__DATA FOR THE TASK__
# # # # # # #
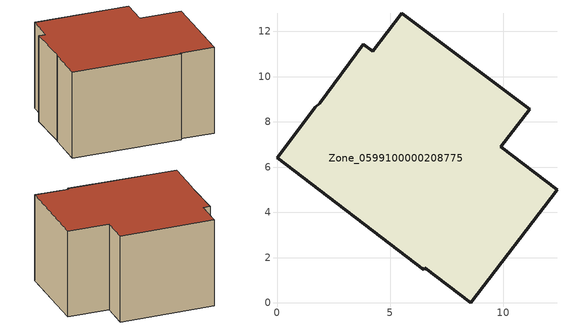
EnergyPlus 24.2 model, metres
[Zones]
Zone_0599100000208775
 floor ground (C_G): 5.51,12.8 11.17,8.56 9.9,6.89 12.38,5 8.56,0 6.54,1.54 6.48,1.45 0,6.4 1.69,8.63 1.9,8.83 3.82,11.44 4.24,11.13 z0
 wall outside (C_F): 11.17,8.56 5.51,12.8 4.24,11.13 3.82,11.44 1.9,8.83 1.69,8.63 0,6.4 6.48,1.45 6.54,1.54 8.56,0 12.38,5 9.9,6.89 11.17,8.56 z0:6.65
 roof outside (C_R): 1.9,8.83 1.69,8.63 0,6.4 6.48,1.45 6.54,1.54 8.56,0 12.38,5 9.9,6.89 11.17,8.56 5.51,12.8 4.24,11.13 3.82,11.44 z6.65
[BUILDING]
Pand.0599100000208775: North Axis=0; Terrain=City; Loads Convergence Tolerance Value=0.04; Temperature Convergence Tolerance Value=0.4; Solar Distribution=FullExterior; Maximum Number of Warmup Days=25; Minimum Number of Warmup Days=1
[Site:Location]
Rotterdam.The.Hague.AP_ZH_NLD Design_Conditions: Latitude=51.96; Longitude=4.45; Time Zone=1; Elevation=-4.5
[SITE:GROUNDTEMPERATURE:BUILDINGSURFACE]
18, 18, 18, 18, 18, 18, 18, 18, 18, 18, 18, 18
[MATERIAL] Thermal Absorptance=0.9; Solar Absorptance=0.7; Visible Absorptance=0.7
Name | Roughness | Thickness | Conductivity | Density | Specific Heat
G.D.1965 | MediumSmooth | 0.15 | 1 | 540 | 1210
F.D.1965 | Rough | 0.3 | 0.857143 | 1920 | 840
R.D.1965 | MediumRough | 0.2 | 0.08 | 1500 | 1000
[CONSTRUCTION]
C_G: G.D.1965
C_F: F.D.1965
C_R: R.D.1965
[ZONE]
Zone_0599100000208775: Type=1; Multiplier=1; Ceiling Height=Autocalculate; Volume=Autocalculate; Floor Area=autocalculate; Part of Total Floor Area=Yes
[ZONEINFILTRATION:DESIGNFLOWRATE]
Infil_Zone_0599100000208775: Zone or ZoneList or Space or SpaceList=Zone_0599100000208775; Schedule=AlwaysOn; Design Flow Rate Calculation Method=Flow/Area; Flow Rate per Floor Area=0.0042; Constant Term Coefficient=1; Temperature Term Coefficient=0; Velocity Term Coefficient=0; Velocity Squared Term Coefficient=0
[HVACTEMPLATE:ZONE:IDEALLOADSAIRSYSTEM]
Zone_0599100000208775: Maximum Heating Supply Air Temperature=50; Minimum Cooling Supply Air Temperature=13; Maximum Heating Supply Air Humidity Ratio=0.0156; Minimum Cooling Supply Air Humidity Ratio=0.0077; Heating Limit=NoLimit; Cooling Limit=NoLimit; Dehumidification Control Type=ConstantSensibleHeatRatio; Cooling Sensible Heat Ratio=0.7; Dehumidification Setpoint=60; Humidification Control Type=None; Humidification Setpoint=30; Outdoor Air Method=None; Outdoor Air Flow Rate per Person=0.00944; Outdoor Air Flow Rate per Zone Floor Area=0; Outdoor Air Flow Rate per Zone=0; Demand Controlled Ventilation Type=None; Outdoor Air Economizer Type=NoEconomizer; Heat Recovery Type=None; Sensible Heat Recovery Effectiveness=0.7; Latent Heat Recovery Effectiveness=0.65
[ZONECONTROL:THERMOSTAT]
ThermostatControl_Zone_0599100000208775: Zone or ZoneList=Zone_0599100000208775; Control Type Schedule=DualSetpointControlType; Control 1=Thermostat_Zone_0599100000208775; Temperature Difference Between Cutout And Setpoint=0
[THERMOSTATSETPOINT:DUALSETPOINT]
Thermostat_Zone_0599100000208775: Heating Setpoint Temperature Schedule=HeatingSetpoint_Zone_0599100000208775; Cooling Setpoint Temperature Schedule=CoolingSetpoint_Zone_0599100000208775
[SCHEDULE:COMPACT]
HeatingSetpoint_Zone_0599100000208775: Through: 12/31, For: AllDays, Until: 24:00, 21
CoolingSetpoint_Zone_0599100000208775: Through: 12/31, For: AllDays, Until: 24:00, 24
DualSetpointControlType: Through: 12/31, For: AllDays, Until: 24:00, 4
AlwaysOn: Through: 12/31, For: AllDays, Until: 24:00, 1
# # # # # # #
__REQUIRED ACTION__
Word for word, restate all of the entries above and leave each picture out.

__ANSWER SPACE__
EnergyPlus 24.2 model, metres
[Zones]
Zone_0599100000208775
 floor ground (C_G): 5.51,12.8 11.17,8.56 9.9,6.89 12.38,5 8.56,0 6.54,1.54 6.48,1.45 0,6.4 1.69,8.63 1.9,8.83 3.82,11.44 4.24,11.13 z0
 wall outside (C_F): 11.17,8.56 5.51,12.8 4.24,11.13 3.82,11.44 1.9,8.83 1.69,8.63 0,6.4 6.48,1.45 6.54,1.54 8.56,0 12.38,5 9.9,6.89 11.17,8.56 z0:6.65
 roof outside (C_R): 1.9,8.83 1.69,8.63 0,6.4 6.48,1.45 6.54,1.54 8.56,0 12.38,5 9.9,6.89 11.17,8.56 5.51,12.8 4.24,11.13 3.82,11.44 z6.65
[BUILDING]
Pand.0599100000208775: North Axis=0; Terrain=City; Loads Convergence Tolerance Value=0.04; Temperature Convergence Tolerance Value=0.4; Solar Distribution=FullExterior; Maximum Number of Warmup Days=25; Minimum Number of Warmup Days=1
[Site:Location]
Rotterdam.The.Hague.AP_ZH_NLD Design_Conditions: Latitude=51.96; Longitude=4.45; Time Zone=1; Elevation=-4.5
[SITE:GROUNDTEMPERATURE:BUILDINGSURFACE]
18, 18, 18, 18, 18, 18, 18, 18, 18, 18, 18, 18
[MATERIAL] Thermal Absorptance=0.9; Solar Absorptance=0.7; Visible Absorptance=0.7
Name | Roughness | Thickness | Conductivity | Density | Specific Heat
G.D.1965 | MediumSmooth | 0.15 | 1 | 540 | 1210
F.D.1965 | Rough | 0.3 | 0.857143 | 1920 | 840
R.D.1965 | MediumRough | 0.2 | 0.08 | 1500 | 1000
[CONSTRUCTION]
C_G: G.D.1965
C_F: F.D.1965
C_R: R.D.1965
[ZONE]
Zone_0599100000208775: Type=1; Multiplier=1; Ceiling Height=Autocalculate; Volume=Autocalculate; Floor Area=autocalculate; Part of Total Floor Area=Yes
[ZONEINFILTRATION:DESIGNFLOWRATE]
Infil_Zone_0599100000208775: Zone or ZoneList or Space or SpaceList=Zone_0599100000208775; Schedule=AlwaysOn; Design Flow Rate Calculation Method=Flow/Area; Flow Rate per Floor Area=0.0042; Constant Term Coefficient=1; Temperature Term Coefficient=0; Velocity Term Coefficient=0; Velocity Squared Term Coefficient=0
[HVACTEMPLATE:ZONE:IDEALLOADSAIRSYSTEM]
Zone_0599100000208775: Maximum Heating Supply Air Temperature=50; Minimum Cooling Supply Air Temperature=13; Maximum Heating Supply Air Humidity Ratio=0.0156; Minimum Cooling Supply Air Humidity Ratio=0.0077; Heating Limit=NoLimit; Cooling Limit=NoLimit; Dehumidification Control Type=ConstantSensibleHeatRatio; Cooling Sensible Heat Ratio=0.7; Dehumidification Setpoint=60; Humidification Control Type=None; Humidification Setpoint=30; Outdoor Air Method=None; Outdoor Air Flow Rate per Person=0.00944; Outdoor Air Flow Rate per Zone Floor Area=0; Outdoor Air Flow Rate per Zone=0; Demand Controlled Ventilation Type=None; Outdoor Air Economizer Type=NoEconomizer; Heat Recovery Type=None; Sensible Heat Recovery Effectiveness=0.7; Latent Heat Recovery Effectiveness=0.65
[ZONECONTROL:THERMOSTAT]
ThermostatControl_Zone_0599100000208775: Zone or ZoneList=Zone_0599100000208775; Control Type Schedule=DualSetpointControlType; Control 1=Thermostat_Zone_0599100000208775; Temperature Difference Between Cutout And Setpoint=0
[THERMOSTATSETPOINT:DUALSETPOINT]
Thermostat_Zone_0599100000208775: Heating Setpoint Temperature Schedule=HeatingSetpoint_Zone_0599100000208775; Cooling Setpoint Temperature Schedule=CoolingSetpoint_Zone_0599100000208775
[SCHEDULE:COMPACT]
HeatingSetpoint_Zone_0599100000208775: Through: 12/31, For: AllDays, Until: 24:00, 21
CoolingSetpoint_Zone_0599100000208775: Through: 12/31, For: AllDays, Until: 24:00, 24
DualSetpointControlType: Through: 12/31, For: AllDays, Until: 24:00, 4
AlwaysOn: Through: 12/31, For: AllDays, Until: 24:00, 1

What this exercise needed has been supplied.